◆ YOUR OBJECTIVE: For each line below with the word "sketch", write out a copy.

◆ PROVIDED RECORDS:
-- -- --
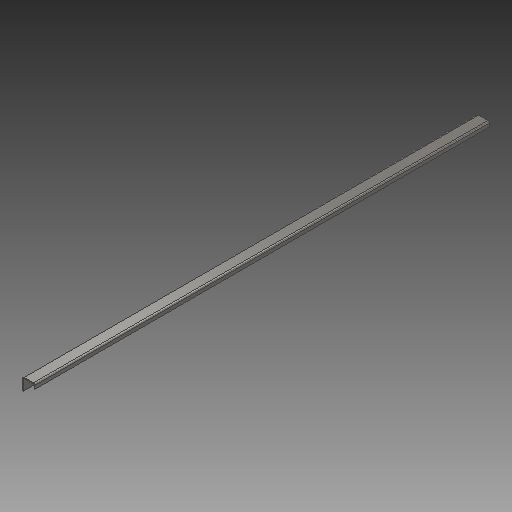
# Autodesk Inventor part: Perfil "J"
Saved by Autodesk Inventor 2017 (Build 210142000, 142)
## iProperties
Created: 2019-06-18
Part Number: Perfil "J"
Material: Stainless Steel
Description: Chapa de Aço Inox Aisi 304 - #1,5mm
Document SubType Name: Sheet Metal
Designer: leonardo.prado
Mass: 614.565 g
Surface Area: 1053.83 cm^2
Volume: 76.8207 cm^3
Density: 8 g/cm^3
Flat Pattern Width: 5.47858 cm
Flat Pattern Length: 93 cm
Flat Pattern Area: 509.508 cm^2
Sheet Metal Rule: Default_mm
Sheet Metal Width: 54,786 mm
Sheet Metal Length: 930,000 mm
Sheet Metal Area: 50950,831 mm^2
Appearance: Semi-Polished
Author: leonardo.prado
Comments: 55 x 930
Autodesk Inventor part; units mm, degrees
note: some values were not read from the file. Chosen so that the rebuilt part matches the saved one: flange form of "Plate1".
ref_plane "YZ Plane" through (0, 0, 0) normal (1, 0, 0) x (0, 1, 0)
ref_plane "XZ Plane" through (0, 0, 0) normal (0, 1, 0) x (-1, 0, 0)
ref_plane "XY Plane" through (0, 0, 0) normal (0, 0, 1) x (1, 0, 0)
sketch "Sketch1" plane through (0, 0, 0) normal (0, 0, 1) x (1, 0, 0)
  line L0 (0, 0) -> (0, 25)
  line L1 (0, 25) -> (25, 25)
  line L2 (25, 25) -> (25, 15)
  dimension "d0" = 25
  dimension "d1" = 25
  dimension "d2" = 10
  measures "d0" distance of L0.start L0.end
  measures "d1" distance of L0.end L1.end
  measures "d2" distance of L1.end L2.end
contour flange "Contour Flange1" sketch "Sketch1" thickness 1.5 bend radius 1.5 width 930 along (0, 0, 1) mid plane yes both sides no wall seen from (0, 12.5, 0) lies toward (1, 0, 0) curves L0 L1 L2
bend "Bend1"
corner "Corner1"
equation "\"d3\" = BendReliefWidth"
equation "\"d4\" = BendReliefDepth"
equation "\"d5\" = MinimumRemnant"
equation "\"d6\" = BendRadius"
equation "\"d8\" = BendRadius"
equation "\"d10\" = CornerReliefSize"
equation "\"d11\" = GapSize"
equation "\"d12\" = JacobiRadiusSize"
equation "\"BendRadius\" = Thickness"
equation "\"BendReliefWidth\" = Thickness"
equation "\"BendReliefDepth\" = 0.5 * Thickness"
equation "\"CornerReliefSize\" = 4 * Thickness"
equation "\"MinimumRemnant\" = 2 * Thickness"
equation "\"TransitionRadius\" = BendRadius"
equation "\"JacobiRadiusSize\" = BendRadius"
equation "\"GapSize\" = Thickness"
equation "\"Thickness\" = 1.5"
body "Solid1"
-- -- --
◆ FINISHED TASK:
sketch "Sketch1" plane through (0, 0, 0) normal (0, 0, 1) x (1, 0, 0)
contour flange "Contour Flange1" sketch "Sketch1" thickness 1.5 bend radius 1.5 width 930 along (0, 0, 1) mid plane yes both sides no wall seen from (0, 12.5, 0) lies toward (1, 0, 0) curves L0 L1 L2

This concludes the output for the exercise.